# Wiring Question. 2500Hd



## Rmk2001800 (Apr 17, 2011)

Just got a 2009 Chevy 2500 need to run or hook up a charge wire for the battery on my TT. Are these prewired or not? If so where do I hook it up and what do I all need todo? Thanks for the help.....


----------



## joeymac (Aug 19, 2010)

Rmk2001800 said:


> Just got a 2009 Chevy 2500 need to run or hook up a charge wire for the battery on my TT. Are these prewired or not? If so where do I hook it up and what do I all need todo? Thanks for the help.....


They are prewired, it just takes a little work to make it operational. 
Use the attached document. I had to do this on my 2008 Chevy Suburban 2500. It only took about 45 mins to complete. Works perfect now.


----------



## Rmk2001800 (Apr 17, 2011)

joeymac said:


> Just got a 2009 Chevy 2500 need to run or hook up a charge wire for the battery on my TT. Are these prewired or not? If so where do I hook it up and what do I all need todo? Thanks for the help.....
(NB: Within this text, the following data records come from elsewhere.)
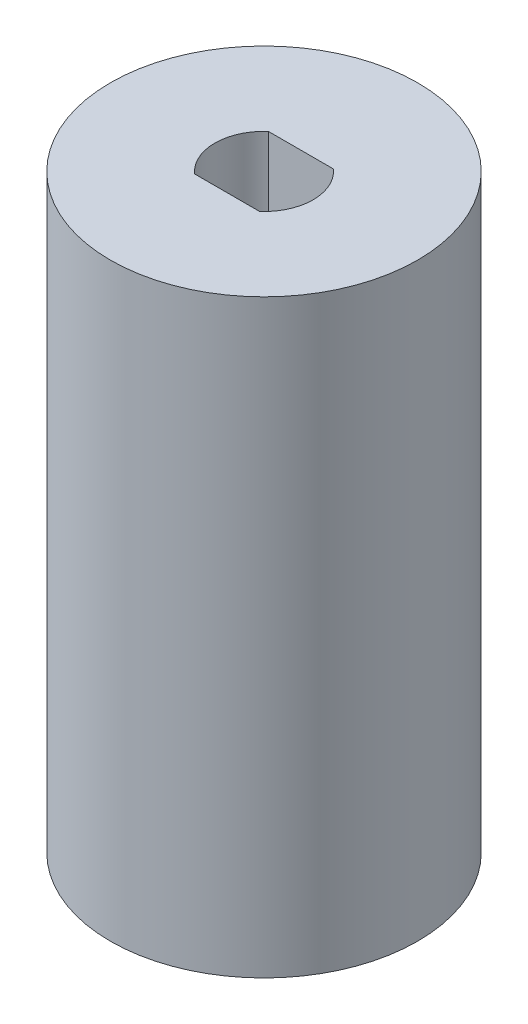
SolidWorks part; units mm, degrees
ref_plane "Alzado" through (0, 0, 0) normal (0, 0, 1) x (1, 0, 0)
ref_plane "Planta" through (0, 0, 0) normal (0, 1, 0) x (1, 0, 0)
ref_plane "Vista lateral" through (0, 0, 0) normal (1, 0, 0) x (0, 0, -1)
sketch "Croquis1" plane through (0, 0, 0) normal (0, 1, 0) x (1, 0, 0)
  circle A0 centre (0, 0) radius 12.5
  dimension "D1" = 25
extrude "Saliente-Extruir1" add sketch "Croquis1" along normal blind 48
sketch "Croquis2" plane through (0, 0, 0) normal (0, 1, 0) x (1, 0, 0)
  line L3 (-2.6458, -3) -> (2.6458, -3)
  line L5 (-2.6458, 3) -> (2.6458, 3)
  line L7 (-3.6269, -1.6869) -> (3.6269, 1.6869) construction
  line L8 (-3.6269, 1.6869) -> (3.6269, -1.6869) construction
  arc A2 (-2.6458, 3) -> (-2.6458, -3) centre (0, 0) ccw
  arc A3 (2.6458, -3) -> (2.6458, 3) centre (0, 0) ccw
  dimension "D1" = 8
extrude "Cortar-Extruir1" cut sketch "Croquis2" along normal blind 15
extrude "Cortar-Extruir2" cut sketch "Croquis2<2>" along normal blind 15 from offset 33
sketch "Croquis2<2>" plane through (0, 0, 0) normal (0, 1, 0) x (1, 0, 0) same geometry as "Croquis2"

They are prewired, it just takes a little work to make it operational. 
Use the attached document. I had to do this on my 2008 Chevy Suburban 2500. It only took about 45 mins to complete. Works perfect now.
[/quote]

It ale
Ready had the break control so I'm guessing I can skip a lot of the steps. So it's not more then hooking up the hot wires and buying a couple fuses?


----------



## Rmk2001800 (Apr 17, 2011)

Rmk2001800 said:


> Just got a 2009 Chevy 2500 need to run or hook up a charge wire for the battery on my TT. Are these prewired or not? If so where do I hook it up and what do I all need todo? Thanks for the help.....


They are prewired, it just takes a little work to make it operational. 
Use the attached document. I had to do this on my 2008 Chevy Suburban 2500. It only took about 45 mins to complete. Works perfect now.
[/quote]

It ale
Ready had the break control so I'm guessing I can skip a lot of the steps. So it's not more then hooking up the hot wires and buying a couple fuses?
[/quote]

Or would all be hooked up all ready since it has a factory brake controller in it?


----------



## duggy (Mar 17, 2010)

If it has the trailering option and the factory brake controller, I expect it's all ready to go.

My 2010 van came with the trailering package. It didn't include a brake control, but had the wires ready under the dash. The hot wire was already hooked up under the hood, so all I had to do was hook-up the four wires to the brake controller, and I was done.


----------



## thefulminator (Aug 8, 2007)

See the videos at etrailer.com Not sure if this applies with the HD or not. When I did mine the new fuse was hard to find at the local auto parts stores and was expensive.

My link

My link2


----------



## funbikerchick (Jun 6, 2011)

Make sure the fuse is installed for accessory charging. My 1500 didn't have it installed. I don't think it comes that way from the factory. My new 2500 did have it installed but that could be because it came with the brake controller factory integrated.

Tena


----------



## Scoutr2 (Aug 21, 2006)

funbikerchick said:


> Make sure the fuse is installed for accessory charging. My 1500 didn't have it installed. I don't think it comes that way from the factory. My new 2500 did have it installed but that could be because it came with the brake controller factory integrated.
> 
> Tena


I bought my 2007 2500HD new and it had the brake controller harness AND the necessary fuse for towed-vehicle battery charging packaged together in the glove box. I still bought the brake controller harness from Prodigy when I ordered my controller, because it was just a matter of "plug and play," whereas the factory harness would have required me to make all the wiring connections.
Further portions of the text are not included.